[Extracted records]
━━━━━━

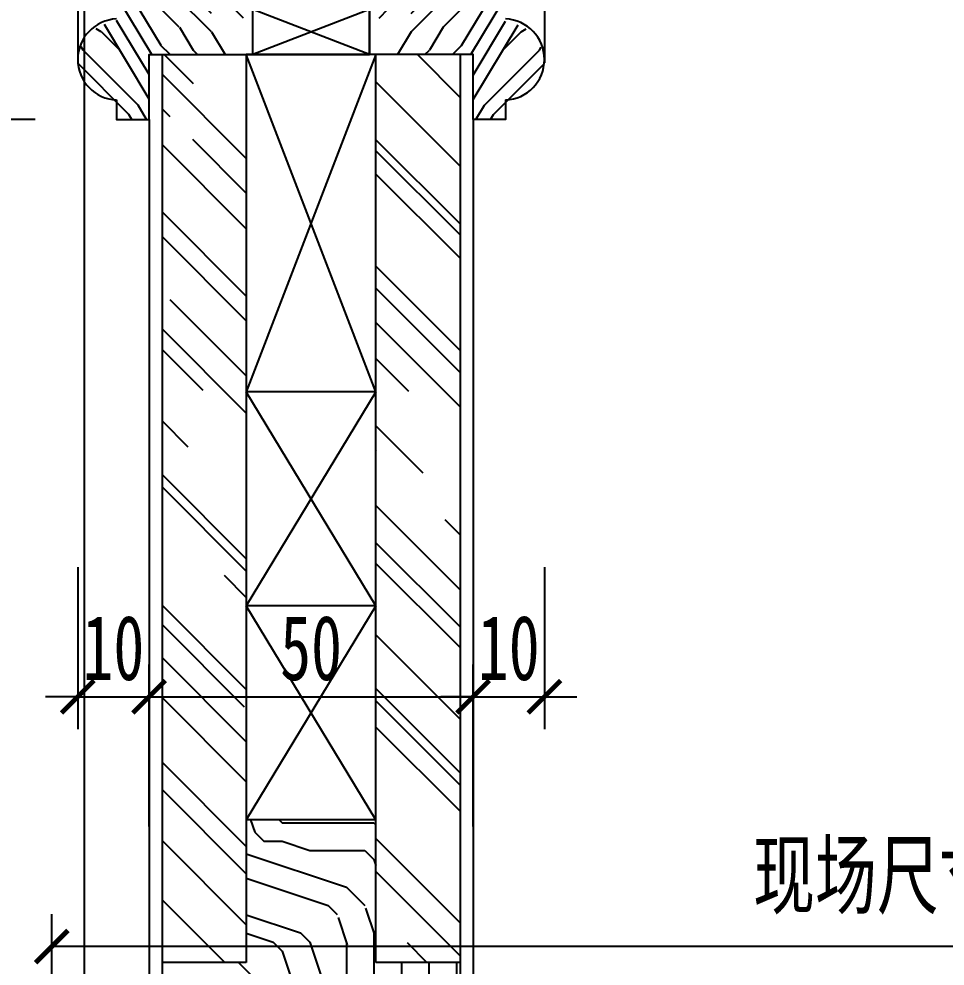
# Model space of a CAD drawing. Header units: millimetres. Extents: x 51249 to 2766742, y -599687 to -1280.
# Drawn here: x 67532.4 to 67675.2, y -128214.9 to -128068.8 of the extents above; entities that cross this region are included whole.
import ezdxf

# ---------------------------------------------------------------- set-up
doc = ezdxf.new("R2010")
doc.units = ezdxf.units.MM
doc.header["$LTSCALE"] = 10
doc.header["$PDMODE"] = 3
doc.linetypes.add('AUDIT_D_050706142524-0', pattern=[0])
for name, color, linetype in [('05', 8, 'Continuous'), ('1-LIGHT', 136, 'Continuous'), ('2-NORM', 3, 'Continuous'), ('8', 8, 'Continuous'), ('D-Detail(节点图层)', 134, 'Continuous'), ('IDT-HATCH', 250, 'AUDIT_D_050706142524-0'), ('IRC-18Norm', 30, 'Continuous'), ('W-尺寸', 5, 'Continuous')]:
    doc.layers.add(name, color=color, linetype=linetype)
doc.styles.add('DIM', font='SimSun.ttf', dxfattribs={"width": 0.7})
doc.dimstyles.new('25', dxfattribs={"dimscale": 25, "dimtxt": 2, "dimasz": 1, "dimexe": 1, "dimexo": 1, "dimgap": 0.5, "dimtad": 1, "dimdec": 0, "dimzin": 0, "dimdsep": 46, "dimtxsty": 'DIM', "dimblk": 'ARCHTICK', "dimcen": 0, "dimclrd": 5, "dimclre": 5, "dimclrt": 35, "dimadec": 0, "dimazin": 0, "dimtfac": 0.5, "dimtdec": 0, "dimtix": 1, "dimtmove": 2, "dimatfit": 2, "dimldrblk": 'A', "dimfxl": 0, "dimtolj": 1, "dimtzin": 0, "dimlwd": -1, "dimlwe": -1, "dimarcsym": 0})
doc.dimstyles.new('5', dxfattribs={"dimscale": 5, "dimtxt": 2, "dimasz": 1, "dimexe": 1, "dimexo": 1, "dimgap": 0.5, "dimtad": 1, "dimdec": 0, "dimrnd": 5, "dimzin": 0, "dimdsep": 46, "dimtxsty": 'DIM', "dimblk": 'ARCHTICK', "dimcen": 0, "dimclrd": 5, "dimclre": 5, "dimclrt": 35, "dimadec": 0, "dimazin": 0, "dimtfac": 0.5, "dimtdec": 0, "dimtix": 1, "dimtmove": 2, "dimatfit": 2, "dimldrblk": 'A', "dimfxl": 0, "dimtolj": 1, "dimtzin": 0, "dimlwd": -1, "dimlwe": -1, "dimarcsym": 0})

# ---------------------------------------------------------------- blocks, each defined once
blk = doc.blocks.new('_ArchTick')
at = {"color": 0, "linetype": 'ByBlock', "const_width": 0.15}
blk.add_lwpolyline([(-0.5, -0.5), (0.5, 0.5)], dxfattribs=at)
blk = doc.blocks.new('*D440')
at = {"layer": 'Defpoints', "color": 0, "ltscale": 0.15}
for p in [(67602.4282705373, -128173.3493310572), (67552.44592262387, -128207.1809496504, -5.092721429999999e-08), (67602.4282705373, -128207.1809504774, -5.092721275582044e-08)]:
    blk.add_point(p, dxfattribs=at)
at = {"layer": 'W-尺寸', "color": 5, "ltscale": 0.15}
for p, q in [((67552.44592262387, -128193.3493310572), (67552.44592262387, -128168.3493310572)), ((67602.4282705373, -128193.3493310572), (67602.4282705373, -128168.3493310572)), ((67552.44592262387, -128173.3493310572), (67602.4282705373, -128173.3493310572))]:
    blk.add_line(p, q, dxfattribs=at)
at = {"layer": 'W-尺寸', "color": 5, "ltscale": 0.15, "xscale": 5, "yscale": 5, "zscale": 5, "rotation": 180}
blk.add_blockref('_ArchTick', (67552.44592262387, -128173.3493310572), dxfattribs=at)
at = {"layer": 'W-尺寸', "color": 5, "ltscale": 0.15, "xscale": 5, "yscale": 5, "zscale": 5}
blk.add_blockref('_ArchTick', (67602.4282705373, -128173.3493310572), dxfattribs=at)
at = {"layer": 'W-尺寸', "color": 35, "ltscale": 0.15, "insert": (67577.43709658059, -128165.8493310572), "char_height": 10, "attachment_point": 5, "style": 'DIM'}
blk.add_mtext('\\A1;50', dxfattribs=at)
blk = doc.blocks.new('A')
for p, q in [((-1.435067392276324, 1.147654099946521), (-1.089590771724033, 1.437450103912852)), ((-1.089590771724033, 1.437450103912852), (0, 0)), ((-1.435067392276324, 1.147654099946521), (-0.3688396396728422, 0)), ((-0.3688396396728422, 3.637978807091713e-12), (-2.127066897330224, 0)), ((-1.435067392276324, -1.147654099946521), (-0.3688396396728422, 0)), ((-1.089590771724033, -1.437450103912852), (0, 0)), ((-1.435067392276324, -1.147654099946521), (-1.089590771724033, -1.437450103912852))]:
    blk.add_line(p, q)
for points in [[(-1.435067392276324, 1.147654099946521), (-1.089590771724033, 1.437450103912852), (-0.3688396396728422, 0), (0, 0)], [(-1.435067392276324, -1.147654099946521), (-1.089590771724033, -1.437450103912852), (-0.3688396396728422, 0), (0, 0)]]:
    blk.add_solid(points)
blk = doc.blocks.new('*D450')
at = {"layer": 'Defpoints', "color": 0, "ltscale": 0.15}
for p in [(67537.4273077285, -128211.8746670301), (67817.75156884093, -128234.3190551873), (67537.4273077285, -128242.319055187)]:
    blk.add_point(p, dxfattribs=at)
at = {"layer": 'W-尺寸', "color": 5, "ltscale": 0.15}
for p, q in [((67537.4273077285, -128231.8746670301), (67537.4273077285, -128206.8746670301)), ((67817.75156884093, -128229.3190551873), (67817.75156884093, -128206.8746670301)), ((67817.75156884093, -128211.8746670301), (67537.4273077285, -128211.8746670301))]:
    blk.add_line(p, q, dxfattribs=at)
at = {"layer": 'W-尺寸', "color": 5, "ltscale": 0.15, "xscale": 5, "yscale": 5, "zscale": 5, "rotation": 180}
blk.add_blockref('_ArchTick', (67537.4273077285, -128211.8746670301), dxfattribs=at)
at = {"layer": 'W-尺寸', "color": 5, "ltscale": 0.15, "xscale": 5, "yscale": 5, "zscale": 5}
blk.add_blockref('_ArchTick', (67817.75156884093, -128211.8746670301), dxfattribs=at)
at = {"layer": 'W-尺寸', "color": 35, "ltscale": 0.15, "insert": (67664.71118927195, -128201.3746670301), "char_height": 10, "attachment_point": 5, "style": 'DIM'}
blk.add_mtext('\\A1;现场尺寸', dxfattribs=at)
blk = doc.blocks.new('*D477')
at = {"layer": 'Defpoints', "color": 0, "ltscale": 0.15}
for p in [(67514.89374253014, -128084.3190530116), (67547.44592262662, -128084.3190530116), (67552.44592262259, -128229.3190551873)]:
    blk.add_point(p, dxfattribs=at)
at = {"layer": 'W-尺寸', "color": 5, "ltscale": 0.15}
for p, q in [((67534.89374253014, -128084.3190530116), (67509.89374253014, -128084.3190530116)), ((67514.89374253014, -128229.3190551873), (67514.89374253014, -128084.3190530116)), ((67534.89374253014, -128229.3190551873), (67509.89374253014, -128229.3190551873))]:
    blk.add_line(p, q, dxfattribs=at)
at = {"layer": 'W-尺寸', "color": 5, "ltscale": 0.15, "xscale": 5, "yscale": 5, "zscale": 5}
for p, rotation in [((67514.89374253014, -128084.3190530116), 90), ((67514.89374253014, -128229.3190551873), 270)]:
    blk.add_blockref('_ArchTick', p, dxfattribs=dict(at, rotation=rotation))
at = {"layer": 'W-尺寸', "color": 35, "ltscale": 0.15, "insert": (67507.39374253016, -128156.8190540994), "char_height": 10, "attachment_point": 5, "rotation": 90, "style": 'DIM'}
blk.add_mtext('\\A1;145', dxfattribs=at)
blk = doc.blocks.new('*D447')
at = {"layer": 'Defpoints', "color": 0, "ltscale": 0.15}
for p in [(67514.89374253014, -128054.3190530116), (67558.65786809936, -128054.3190530116), (67547.44592262662, -128084.3190530116)]:
    blk.add_point(p, dxfattribs=at)
at = {"layer": 'W-尺寸', "color": 5, "ltscale": 0.15}
for p, q in [((67534.89374253014, -128054.3190530116), (67509.89374253014, -128054.3190530116)), ((67514.89374253014, -128084.3190530116), (67514.89374253014, -128054.3190530116)), ((67534.89374253014, -128084.3190530116), (67509.89374253014, -128084.3190530116))]:
    blk.add_line(p, q, dxfattribs=at)
at = {"layer": 'W-尺寸', "color": 5, "ltscale": 0.15, "xscale": 5, "yscale": 5, "zscale": 5}
for p, rotation in [((67514.89374253014, -128054.3190530116), 90), ((67514.89374253014, -128084.3190530116), 270)]:
    blk.add_blockref('_ArchTick', p, dxfattribs=dict(at, rotation=rotation))
at = {"layer": 'W-尺寸', "color": 35, "ltscale": 0.15, "insert": (67507.39374253016, -128069.3190530116), "char_height": 10, "attachment_point": 5, "rotation": 90, "style": 'DIM'}
blk.add_mtext('\\A1;30', dxfattribs=at)
blk = doc.blocks.new('*D448')
at = {"layer": 'Defpoints', "color": 0, "ltscale": 0.15}
for p in [(67541.44592262663, -128086.4596753659, -4.227657159999997e-08), (67552.44592262662, -128095.2096753672, -4.227657159999997e-08), (67552.44592262662, -128173.3493310572)]:
    blk.add_point(p, dxfattribs=at)
at = {"layer": 'W-尺寸', "color": 5, "ltscale": 0.15}
for p, q in [((67541.44592262663, -128153.3493310572), (67541.44592262663, -128178.3493310572)), ((67552.44592262662, -128153.3493310572), (67552.44592262662, -128178.3493310572)), ((67541.44592262663, -128173.3493310572), (67536.44592262663, -128173.3493310572)), ((67541.44592262663, -128173.3493310572), (67552.44592262662, -128173.3493310572)), ((67552.44592262662, -128173.3493310572), (67557.44592262662, -128173.3493310572))]:
    blk.add_line(p, q, dxfattribs=at)
at = {"layer": 'W-尺寸', "color": 5, "ltscale": 0.15, "xscale": 5, "yscale": 5, "zscale": 5}
blk.add_blockref('_ArchTick', (67541.44592262663, -128173.3493310572), dxfattribs=at)
at = {"layer": 'W-尺寸', "color": 5, "ltscale": 0.15, "xscale": 5, "yscale": 5, "zscale": 5, "rotation": 180}
blk.add_blockref('_ArchTick', (67552.44592262662, -128173.3493310572), dxfattribs=at)
at = {"layer": 'W-尺寸', "color": 35, "ltscale": 0.15, "insert": (67546.94592262662, -128165.8493310572), "char_height": 10, "attachment_point": 5, "style": 'DIM'}
blk.add_mtext('\\A1;10', dxfattribs=at)
blk = doc.blocks.new('*D449')
at = {"layer": 'Defpoints', "color": 0, "ltscale": 0.15}
for p in [(67613.42827053498, -128085.9596753659, -2.680805599718268e-07), (67602.42827053499, -128095.2096753672, -2.680805599718268e-07), (67613.42827053498, -128173.3493310584)]:
    blk.add_point(p, dxfattribs=at)
at = {"layer": 'W-尺寸', "color": 5, "ltscale": 0.15}
for p, q in [((67602.42827053499, -128153.3493310584), (67602.42827053499, -128178.3493310584)), ((67613.42827053498, -128153.3493310584), (67613.42827053498, -128178.3493310584)), ((67602.42827053499, -128173.3493310584), (67597.42827053499, -128173.3493310584)), ((67602.42827053499, -128173.3493310584), (67613.42827053498, -128173.3493310584)), ((67613.42827053498, -128173.3493310584), (67618.42827053498, -128173.3493310584))]:
    blk.add_line(p, q, dxfattribs=at)
at = {"layer": 'W-尺寸', "color": 5, "ltscale": 0.15, "xscale": 5, "yscale": 5, "zscale": 5}
blk.add_blockref('_ArchTick', (67602.42827053499, -128173.3493310584), dxfattribs=at)
at = {"layer": 'W-尺寸', "color": 5, "ltscale": 0.15, "xscale": 5, "yscale": 5, "zscale": 5, "rotation": 180}
blk.add_blockref('_ArchTick', (67613.42827053498, -128173.3493310584), dxfattribs=at)
at = {"layer": 'W-尺寸', "color": 35, "ltscale": 0.15, "insert": (67607.92827053499, -128165.8493310584), "char_height": 10, "attachment_point": 5, "style": 'DIM'}
blk.add_mtext('\\A1;10', dxfattribs=at)
blk = doc.blocks.new('*D1063')
at = {"layer": 'D-Detail(节点图层)', "color": 5, "ltscale": 0.15}
for p, q in [((2766616.974142889, -121582.0585810632), (2766741.974142889, -121582.0585810632)), ((2766716.974142889, -121582.0585810632), (2766716.974142889, -599673.1338235259)), ((2766698.328192886, -599673.1338235259), (2766741.974142889, -599673.1338235259))]:
    blk.add_line(p, q, dxfattribs=at)
at = {"layer": 'Defpoints', "color": 0, "ltscale": 0.15}
for p in [(55453.76478300948, -121582.0585810625), (2766673.328192886, -599673.1338235259), (2766716.974142889, -599673.1338235259)]:
    blk.add_point(p, dxfattribs=at)
at = {"layer": 'D-Detail(节点图层)', "color": 5, "ltscale": 0.15, "xscale": 25, "yscale": 25, "zscale": 25}
for p, rotation in [((2766716.974142889, -121582.0585810632), 90), ((2766716.974142889, -599673.1338235259), 270)]:
    blk.add_blockref('_ArchTick', p, dxfattribs=dict(at, rotation=rotation))
at = {"layer": 'D-Detail(节点图层)', "color": 35, "ltscale": 0.15, "insert": (2766679.474142889, -360627.5962022941), "char_height": 50, "attachment_point": 5, "rotation": 90, "style": 'DIM'}
blk.add_mtext('\\A1;478091', dxfattribs=at)

msp = doc.modelspace()

# ---------------------------------------------------------------- hatches: boundary and pattern name
at = {"layer": '2-NORM'}
h = msp.add_hatch(dxfattribs=at)
h.set_pattern_fill('木纹01', color=251, scale=10, angle=315, style=0)
h.set_pattern_definition([(315, (-55029.45939481175, -189076.13800981), (56.5685424949238, -1.412196526134348e-14), [2, -38]), (315, (-55046.42995756023, -189053.510592812), (56.5685424949238, -1.412196526134348e-14), [4, -36]), (315, (-55026.63096768702, -189070.4811555605), (56.5685424949238, -1.412196526134348e-14), [2, -38]), (315, (-55040.77310331074, -189050.6821656873), (56.5685424949238, -1.412196526134348e-14), [2, -38]), (315, (-55022.38832699989, -189066.2385148734), (56.5685424949238, -1.412196526134348e-14), [2, -38]), (315, (-55036.53046262362, -189049.2679521249), (56.5685424949238, -1.412196526134348e-14), [2, -38]), (315, (-55019.55989987515, -189063.4100877487), (56.5685424949238, -1.412196526134348e-14), [2, -38]), (315, (-55032.28782193649, -189045.0253114378), (56.5685424949238, -1.412196526134348e-14), [2, -22, 2, -14]), (315, (-55029.45939481175, -189042.1968843131), (56.5685424949238, -1.412196526134348e-14), [4, -20, 2, -14]), (315, (-55026.63096768702, -189036.5400300635), (56.5685424949238, -1.412196526134348e-14), [2, -6, 2, -16, 2, -12]), (315, (-55025.21675412463, -189032.2973893764), (56.5685424949238, -1.412196526134348e-14), [2, -8, 4, -26]), (315, (-55005.41776425143, -189049.2679521249), (56.5685424949238, -1.412196526134348e-14), [2, -38]), (315, (-55022.38832699989, -189029.4689622517), (56.5685424949238, -1.412196526134348e-14), [2, -10, 2, -26]), (360, (-55052.08681180973, -189053.510592812), (28.28427124800001, 28.284271248), [5.65684, -50.91170248]), (360, (-55028.04518124938, -189077.5522233724), (28.28427124800001, 28.284271248), [11.313708, -45.25483448]), (360, (-55013.90304562564, -189063.4100877487), (28.28427124800001, 28.284271248), [2.8284, -53.74014248]), (360, (-55035.11624906125, -189036.5400300635), (28.28427124800001, 28.284271248), [8.485280000000001, -48.08326248]), (360, (-55011.0746185009, -189060.5816606239), (28.28427124800001, 28.284271248), [14.142136, -42.42640648]), (360, (-55006.83197781378, -189056.3390199368), (28.28427124800001, 28.284271248), [8.485280000000001, -48.08326248]), (270, (-55009.66040493854, -189047.8537385626), (28.28427124799999, -28.28427124800002), [2.8284, -53.74014248]), (270, (-55042.18731687313, -189060.5816606239), (28.28427124799999, -28.28427124800002), [5.65684, -50.91170248]), (270, (-55029.45939481175, -189050.6821656873), (28.28427124799999, -28.28427124800002), [5.65684, -50.91170248]), (270, (-55026.63096768702, -189064.824301311), (28.28427124799999, -28.28427124800002), [5.65684, -50.91170248]), (270, (-55016.7314727504, -189052.0963792496), (28.28427124799999, -28.28427124800002), [5.65684, -50.91170248]), (270, (-55012.48883206329, -189050.6821656873), (28.28427124799999, -28.28427124800002), [8.485280000000001, -48.08326248]), (270, (-55036.53046262362, -189060.5816606239), (28.28427124799999, -28.28427124800002), [8.485280000000001, -48.08326248]), (270, (-55030.87360837414, -189063.4100877487), (28.28427124799999, -28.28427124800002), [8.485280000000001, -48.08326248]), (270, (-55025.21675412463, -189049.2679521249), (28.28427124799999, -28.28427124800002), [8.485280000000001, -48.08326248]), (270, (-55020.97411343752, -189050.6821656873), (28.28427124799999, -28.28427124800002), [8.485280000000001, -48.08326248]), (341.5650512, (-55045.01574399786, -189049.2679521249), (28.28427125878009, -28.28427123614904), [4.4721356, -84.97058320000001]), (341.5650512, (-55025.21675412463, -189071.8953691229), (28.28427125878009, -28.28427123614904), [17.888544, -71.55417508]), (341.5650512, (-55020.97411343752, -189067.6527284358), (28.28427125878009, -28.28427123614904), [17.888544, -71.55417508]), (341.5650512, (-55018.14568631277, -189064.824301311), (28.28427125878009, -28.28427123614904), [17.88856, -26.8, 8.9444, -35.80975908]), (341.5650512, (-55011.0746185009, -189063.4100877487), (28.28427125878009, -28.28427123614904), [4.4721356, -84.97058320000001]), (341.5650512, (-55026.63096768702, -189028.0547486893), (28.28427125878009, -28.28427123614904), [4.4721356, -84.97058320000001]), (341.5650512, (-55004.00355068904, -189050.6821656873), (28.28427125878009, -28.28427123614904), [8.944271999999998, -80.49844708]), (288.4349487999999, (-55036.53046262362, -189069.0669419981), (28.28427123614901, -28.28427125878012), [8.944271999999975, -80.49844707999982]), (288.4349487999999, (-55039.35888974837, -189052.0963792496), (28.28427123614901, -28.28427125878012), [8.944271999999975, -80.49844707999982]), (288.4349487999999, (-55043.60153043548, -189056.3390199368), (28.28427123614901, -28.28427125878012), [4.472135599999988, -84.9704470799998]), (288.4349487999999, (-55035.11624906125, -189050.6821656873), (28.28427123614901, -28.28427125878012), [13.41640799999998, -76.02631107999981]), (288.4349487999999, (-55029.45939481175, -189056.3390199368), (28.28427123614901, -28.28427125878012), [8.944271999999975, -80.49844707999982]), (288.4349487999999, (-55025.21675412463, -189057.7532334992), (28.28427123614901, -28.28427125878012), [8.944271999999975, -80.49844707999982]), (288.4349487999999, (-55030.87360837414, -189046.4395250002), (28.28427123614901, -28.28427125878012), [4.472135599999988, -84.9704470799998]), (288.4349487999999, (-55026.63096768702, -189045.0253114378), (28.28427123614901, -28.28427125878012), [4.472135599999988, -84.9704470799998]), (288.4349487999999, (-55009.66040493854, -189050.6821656873), (28.28427123614901, -28.28427125878012), [4.472135599999988, -84.9704470799998]), (288.4349487999999, (-55020.97411343752, -189059.1674470615), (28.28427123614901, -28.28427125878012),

━━━━━━

Every line in the records above with "dimtfac" in it adds one to the count; give that count and nothing else.

2